Re: [RFC PATCH 1/2] psi: introduce memory.pressure.stat

Johannes Weiner <hannes@xxxxxxxxxxx> · Wed, 3 Aug 2022 09:55:39 -0400

On Mon, Aug 01, 2022 at 12:42:04AM +0000, cgel.zte@xxxxxxxxx wrote:
> From: cgel <cgel@xxxxxxxxxx>
> 
> For now psi memory pressure account for all the mem stall in the
> system, And didnot provide a detailed information why the stall
> happens.
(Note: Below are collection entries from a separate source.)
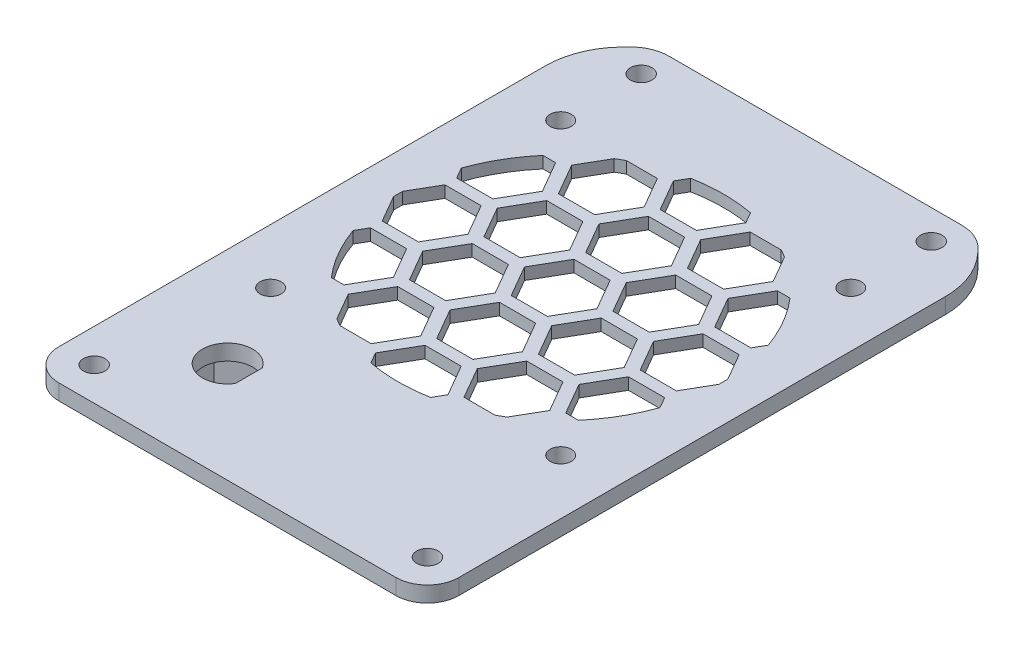
SolidWorks part; units mm, degrees
ref_plane "Front Plane" through (0, 0, 0) normal (0, 0, 1) x (1, 0, 0)
ref_plane "Top Plane" through (0, 0, 0) normal (0, 1, 0) x (1, 0, 0)
ref_plane "Right Plane" through (0, 0, 0) normal (1, 0, 0) x (0, 0, -1)
sketch "Sketch1" plane through (0, -8.5812, 0) normal (0, 1, 0) x (1, 0, 0)
  line L0 (-23.1823, 1.3362) -> (-42.1823, 1.3362)
  line L16 (-54.1823, -73.6638) -> (-11.1823, -73.6638)
  line L17 (-7.1823, -69.6638) -> (-7.1823, -7.6054)
  line L18 (-9.8717, -0.7822) -> (-11.849, 1.3362)
  line L19 (-11.849, 1.3362) -> (-23.1823, 1.3362)
  line L20 (-23.1823, 1.3362) -> (-23.1823, -1.1769)
  line L21 (-23.1823, -1.1769) -> (-10.589, -9.0704)
  line L22 (-9.1823, -11.6123) -> (-9.1823, -59.6638)
  line L23 (-9.1823, -59.6638) -> (-21.1823, -71.6638)
  line L24 (-21.1823, -71.6638) -> (-44.1823, -71.6638)
  line L25 (-44.1823, -71.6638) -> (-56.1823, -59.6638)
  line L26 (-56.1823, -59.6638) -> (-56.1823, -11.6123)
  line L27 (-54.7756, -9.0704) -> (-42.1823, -1.1769)
  line L28 (-42.1823, -1.1769) -> (-42.1823, 1.3362)
  line L29 (-42.1823, 1.3362) -> (-53.5156, 1.3362)
  line L30 (-53.5156, 1.3362) -> (-55.4928, -0.7822)
  line L31 (-58.1823, -7.6054) -> (-58.1823, -69.6638)
  line L32 (-54.1823, -73.6638) -> (-11.1823, -73.6638)
  line L33 (-7.1823, -69.6638) -> (-7.1823, -7.6054)
  line L34 (-9.8717, -0.7822) -> (-11.849, 1.3362)
  line L35 (-11.849, 1.3362) -> (-23.1823, 1.3362)
  line L36 (-23.1823, 1.3362) -> (-23.1823, -1.1769)
  line L37 (-23.1823, -1.1769) -> (-10.589, -9.0704)
  line L38 (-9.1823, -11.6123) -> (-9.1823, -59.6638)
  line L39 (-9.1823, -59.6638) -> (-21.1823, -71.6638)
  line L40 (-21.1823, -71.6638) -> (-44.1823, -71.6638)
  line L41 (-44.1823, -71.6638) -> (-56.1823, -59.6638)
  line L42 (-56.1823, -59.6638) -> (-56.1823, -11.6123)
  line L43 (-54.7756, -9.0704) -> (-42.1823, -1.1769)
  line L44 (-42.1823, -1.1769) -> (-42.1823, 1.3362)
  line L45 (-42.1823, 1.3362) -> (-53.5156, 1.3362)
  line L46 (-53.5156, 1.3362) -> (-55.4928, -0.7822)
  line L47 (-58.1823, -7.6054) -> (-58.1823, -69.6638)
  circle A0 centre (-14.1823, -2.3941) radius 1.375
  circle A1 centre (-51.1823, -2.3941) radius 1.375
  circle A2 centre (-11.4323, -69.4138) radius 1.375
  circle A3 centre (-53.9323, -69.4138) radius 1.375
  arc A6 (-11.1823, -73.6638) -> (-7.1823, -69.6638) centre (-11.1823, -69.6638) ccw
  arc A7 (-7.1823, -7.6054) -> (-9.8717, -0.7822) centre (-17.1823, -7.6054) ccw
  arc A8 (-9.1823, -11.6123) -> (-10.589, -9.0704) centre (-12.1823, -11.6123) ccw
  arc A9 (-54.7756, -9.0704) -> (-56.1823, -11.6123) centre (-53.1823, -11.6123) ccw
  arc A10 (-55.4928, -0.7822) -> (-58.1823, -7.6054) centre (-48.1823, -7.6054) ccw
  arc A11 (-58.1823, -69.6638) -> (-54.1823, -73.6638) centre (-54.1823, -69.6638) ccw
  arc A12 (-11.1823, -73.6638) -> (-7.1823, -69.6638) centre (-11.1823, -69.6638) ccw
  arc A13 (-7.1823, -7.6054) -> (-9.8717, -0.7822) centre (-17.1823, -7.6054) ccw
  arc A14 (-9.1823, -11.6123) -> (-10.589, -9.0704) centre (-12.1823, -11.6123) ccw
  arc A15 (-54.7756, -9.0704) -> (-56.1823, -11.6123) centre (-53.1823, -11.6123) ccw
  arc A16 (-55.4928, -0.7822) -> (-58.1823, -7.6054) centre (-48.1823, -7.6054) ccw
  arc A17 (-58.1823, -69.6638) -> (-54.1823, -73.6638) centre (-54.1823, -69.6638) ccw
  circle M24 centre (-51.1823, -2.3941) radius 2.3
  circle M25 centre (-11.4323, -69.4138) radius 2.3
  circle M26 centre (-53.9323, -69.4138) radius 2.3
  circle M27 centre (-14.1823, -2.3941) radius 2.3
  line M28 (-54.1823, -73.6638) -> (-11.1823, -73.6638)
  arc M29 (-11.1823, -73.6638) -> (-7.1823, -69.6638) centre (-11.1823, -69.6638) ccw
  line M30 (-7.1823, -69.6638) -> (-7.1823, -7.6054)
  arc M31 (-7.1823, -7.6054) -> (-9.8717, -0.7822) centre (-17.1823, -7.6054) ccw
  line M32 (-9.8717, -0.7822) -> (-11.849, 1.3362)
  line M33 (-11.849, 1.3362) -> (-23.1823, 1.3362)
  line M34 (-23.1823, 1.3362) -> (-23.1823, -1.1769)
  line M35 (-23.1823, -1.1769) -> (-10.589, -9.0704)
  arc M36 (-10.589, -9.0704) -> (-9.1823, -11.6123) centre (-12.1823, -11.6123) cw
  line M37 (-9.1823, -11.6123) -> (-9.1823, -59.6638)
  line M38 (-9.1823, -59.6638) -> (-21.1823, -71.6638)
  line M39 (-21.1823, -71.6638) -> (-44.1823, -71.6638)
  line M40 (-44.1823, -71.6638) -> (-56.1823, -59.6638)
  line M41 (-56.1823, -59.6638) -> (-56.1823, -11.6123)
  arc M42 (-56.1823, -11.6123) -> (-54.7756, -9.0704) centre (-53.1823, -11.6123) cw
  line M43 (-54.7756, -9.0704) -> (-42.1823, -1.1769)
  line M44 (-42.1823, -1.1769) -> (-42.1823, 1.3362)
  line M45 (-42.1823, 1.3362) -> (-53.5156, 1.3362)
  line M46 (-53.5156, 1.3362) -> (-55.4928, -0.7822)
  arc M47 (-55.4928, -0.7822) -> (-58.1823, -7.6054) centre (-48.1823, -7.6054) ccw
  line M48 (-58.1823, -7.6054) -> (-58.1823, -69.6638)
  arc M49 (-58.1823, -69.6638) -> (-54.1823, -73.6638) centre (-54.1823, -69.6638) ccw
  dimension "D2" = 2.75
  dimension "D3" = 2.75
  dimension "D4" = 2.75
  dimension "D5" = 2.75
  dimension "D1" = 0
extrude "Boss-Extrude1" add sketch "Sketch1" along normal blind 2 contours M49 M28 M29 M30 M31 M32 M33 M34 M35 M36 M37 M38 M39 M40 M41 M42 M43 M44 M45 M46 M47 M48 M25 M27 M26 M24 | L0 M34 M44 M43 M42 M41 M40 M39 M38 M37 M36 M35 | A0 M27 | A1 M24 | A3 M26 | A2 M25 region at (-32.6823, -8.5812, 35.6933) region at (-17.5156, -8.5812, -0.4292) region at (-53.4172, -8.5812, 2.3941) region at (-13.6672, -8.5812, 69.4138) region at (-56.1672, -8.5812, 69.4138) region at (-16.4172, -8.5812, 2.3941)
fillet "Fillet1" radius 5 2 edges at (-11.849, -7.5812, -1.3362) (-53.5156, -7.5812, -1.3362)
sketch "Sketch2" plane through (0, -6.5812, 0) normal (0, 1, 0) x (1, 0, 0)
  circle A1 centre (-32.6823, -31.1638) radius 20.75
  circle A2 centre (-32.6823, -31.1638) radius 20.75
  dimension "D1" = 0
extrude "Cut-Extrude1" cut sketch "Sketch2" against normal through all
sketch "Sketch3" plane through (0, -8.5812, 0) normal (0, -1, 0) x (1, 0, 0)
  circle A2 centre (-32.6823, 31.1638) radius 21.75
  circle A3 centre (-32.6823, 31.1638) radius 21.75
  dimension "D1" = 1
extrude "Cut-Extrude2" cut sketch "Sketch3" against normal blind 0.5
sketch "Sketch4" plane through (0, -6.5812, 0) normal (0, 1, 0) x (1, 0, 0)
  line L0 (-49.1368, -12.1638) -> (-40.9095, -16.9138) construction
  line L1 (-38.6001, -12.9138) -> (-43.2189, -12.9138)
  line L2 (-43.2189, -12.9138) -> (-45.5283, -16.9138)
  line L3 (-45.5283, -16.9138) -> (-43.2189, -20.9138)
  line L4 (-43.2189, -20.9138) -> (-38.6001, -20.9138)
  line L5 (-38.6001, -20.9138) -> (-36.2907, -16.9138)
  line L6 (-36.2907, -16.9138) -> (-38.6001, -12.9138)
  line L7 (-44.518, -12.1638) -> (-46.8274, -8.1638)
  line L8 (-46.8274, -8.1638) -> (-51.4462, -8.1638)
  line L9 (-51.4462, -8.1638) -> (-53.7556, -12.1638)
  line L10 (-53.7556, -12.1638) -> (-51.4462, -16.1638)
  line L11 (-51.4462, -16.1638) -> (-46.8274, -16.1638)
  line L12 (-46.8274, -16.1638) -> (-44.518, -12.1638)
  line L13 (-22.1456, -12.9138) -> (-26.7644, -12.9138)
  line L14 (-26.7644, -12.9138) -> (-29.0738, -16.9138)
  line L15 (-29.0738, -16.9138) -> (-26.7644, -20.9138)
  line L16 (-26.7644, -20.9138) -> (-22.1456, -20.9138)
  line L17 (-22.1456, -20.9138) -> (-19.8362, -16.9138)
  line L18 (-19.8362, -16.9138) -> (-22.1456, -12.9138)
  line L19 (-28.0635, -12.1638) -> (-30.3729, -8.1638)
  line L20 (-34.9917, -8.1638) -> (-37.3011, -12.1638)
  line L21 (-37.3011, -12.1638) -> (-34.9917, -16.1638)
  line L22 (-34.9917, -16.1638) -> (-30.3729, -16.1638)
  line L23 (-30.3729, -16.1638) -> (-28.0635, -12.1638)
  line L24 (-32.6823, -12.1638) -> (-24.455, -16.9138) construction
  line L25 (-30.3729, -8.1638) -> (-34.9917, -8.1638)
  line L26 (-5.6912, -12.9138) -> (-10.31, -12.9138)
  line L27 (-10.31, -12.9138) -> (-12.6194, -16.9138)
  line L28 (-12.6194, -16.9138) -> (-10.31, -20.9138)
  line L29 (-10.31, -20.9138) -> (-5.6912, -20.9138)
  line L30 (-5.6912, -20.9138) -> (-3.3818, -16.9138)
  line L31 (-3.3818, -16.9138) -> (-5.6912, -12.9138)
  line L32 (-11.609, -12.1638) -> (-13.9184, -8.1638)
  line L33 (-18.5372, -8.1638) -> (-20.8466, -12.1638)
  line L34 (-20.8466, -12.1638) -> (-18.5372, -16.1638)
  line L35 (-18.5372, -16.1638) -> (-13.9184, -16.1638)
  line L36 (-13.9184, -16.1638) -> (-11.609, -12.1638)
  line L37 (-16.2278, -12.1638) -> (-8.0006, -16.9138) construction
  line L38 (-13.9184, -8.1638) -> (-18.5372, -8.1638)
  line L39 (-22.1456, -22.4138) -> (-26.7644, -22.4138)
  line L40 (-26.7644, -22.4138) -> (-29.0738, -26.4138)
  line L41 (-29.0738, -26.4138) -> (-26.7644, -30.4138)
  line L42 (-26.7644, -30.4138) -> (-22.1456, -30.4138)
  line L43 (-22.1456, -30.4138) -> (-19.8362, -26.4138)
  line L44 (-19.8362, -26.4138) -> (-22.1456, -22.4138)
  line L45 (-28.0635, -21.6638) -> (-30.3729, -17.6638)
  line L46 (-34.9917, -17.6638) -> (-37.3011, -21.6638)
  line L47 (-37.3011, -21.6638) -> (-34.9917, -25.6638)
  line L48 (-34.9917, -25.6638) -> (-30.3729, -25.6638)
  line L49 (-30.3729, -25.6638) -> (-28.0635, -21.6638)
  line L50 (-32.6823, -21.6638) -> (-24.455, -26.4138) construction
  line L51 (-30.3729, -17.6638) -> (-34.9917, -17.6638)
  line L52 (-5.6912, -22.4138) -> (-10.31, -22.4138)
  line L53 (-10.31, -22.4138) -> (-12.6194, -26.4138)
  line L54 (-12.6194, -26.4138) -> (-10.31, -30.4138)
  line L55 (-10.31, -30.4138) -> (-5.6912, -30.4138)
  line L56 (-5.6912, -30.4138) -> (-3.3818, -26.4138)
  line L57 (-3.3818, -26.4138) -> (-5.6912, -22.4138)
  line L58 (-11.609, -21.6638) -> (-13.9184, -17.6638)
  line L59 (-18.5372, -17.6638) -> (-20.8466, -21.6638)
  line L60 (-20.8466, -21.6638) -> (-18.5372, -25.6638)
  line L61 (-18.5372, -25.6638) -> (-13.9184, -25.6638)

This patch introduce a cgroupu knob memory.pressure.stat,
> it tells the detailed stall information of all memory events and it
> format and the corresponding proc interface.
> 
> for the cgroup, add memory.pressure.stat and it shows:
> kswapd: avg10=0.00 avg60=0.00 avg300=0.00 total=0
> direct reclaim: avg10=0.00 avg60=0.00 avg300=0.12 total=42356
> kcompacted: avg10=0.00 avg60=0.00 avg300=0.00 total=0
> direct compact: avg10=0.00 avg60=0.00 avg300=0.00 total=0
> cgroup reclaim: avg10=0.00 avg60=0.00 avg300=0.00 total=0
> workingset thrashing:   avg10=0.00 avg60=0.00 avg300=0.00 total=0
> 
> for the system wide, a proc file introduced as pressure/memory_stat
> and the format is the same as the cgroup interface.
> 
> With this detaled information, for example, if the system is stalled
> because of kcompacted, compaction_proactiveness can be promoted so
> pro-compaction can be involved earlier.
> 
> Signed-off-by: cgel <cgel@xxxxxxxxxx>

> @@ -64,9 +91,11 @@ struct psi_group_cpu {
>  
>  	/* Aggregate pressure state derived from the tasks */
>  	u32 state_mask;
> +	u32 state_memstall;
>  
>  	/* Period time sampling buckets for each state of interest (ns) */
>  	u32 times[NR_PSI_STATES];
> +	u32 times_mem[PSI_MEM_STATES];

This doubles the psi cache footprint on every context switch, wakeup,
sleep, etc. in the scheduler. You're also adding more branches to
those same paths. It'll measurably affect everybody who is using psi.

Yet, in the years of using psi in production myself, I've never felt
the need for what this patch provides. There are event counters for
everything that contributes to pressure, and it's never been hard to
rootcause spikes. There are also things like bpftrace that let you
identify who is stalling for how long in order to do one-off tuning
and systems introspection.

For this to get merged, it needs a better explanation of the usecase
that requires this information to be broadly available all the time.
And it needs to bring down the impact on everybody else who doesn't
want this - either by reducing the footprint or by making the feature
optional.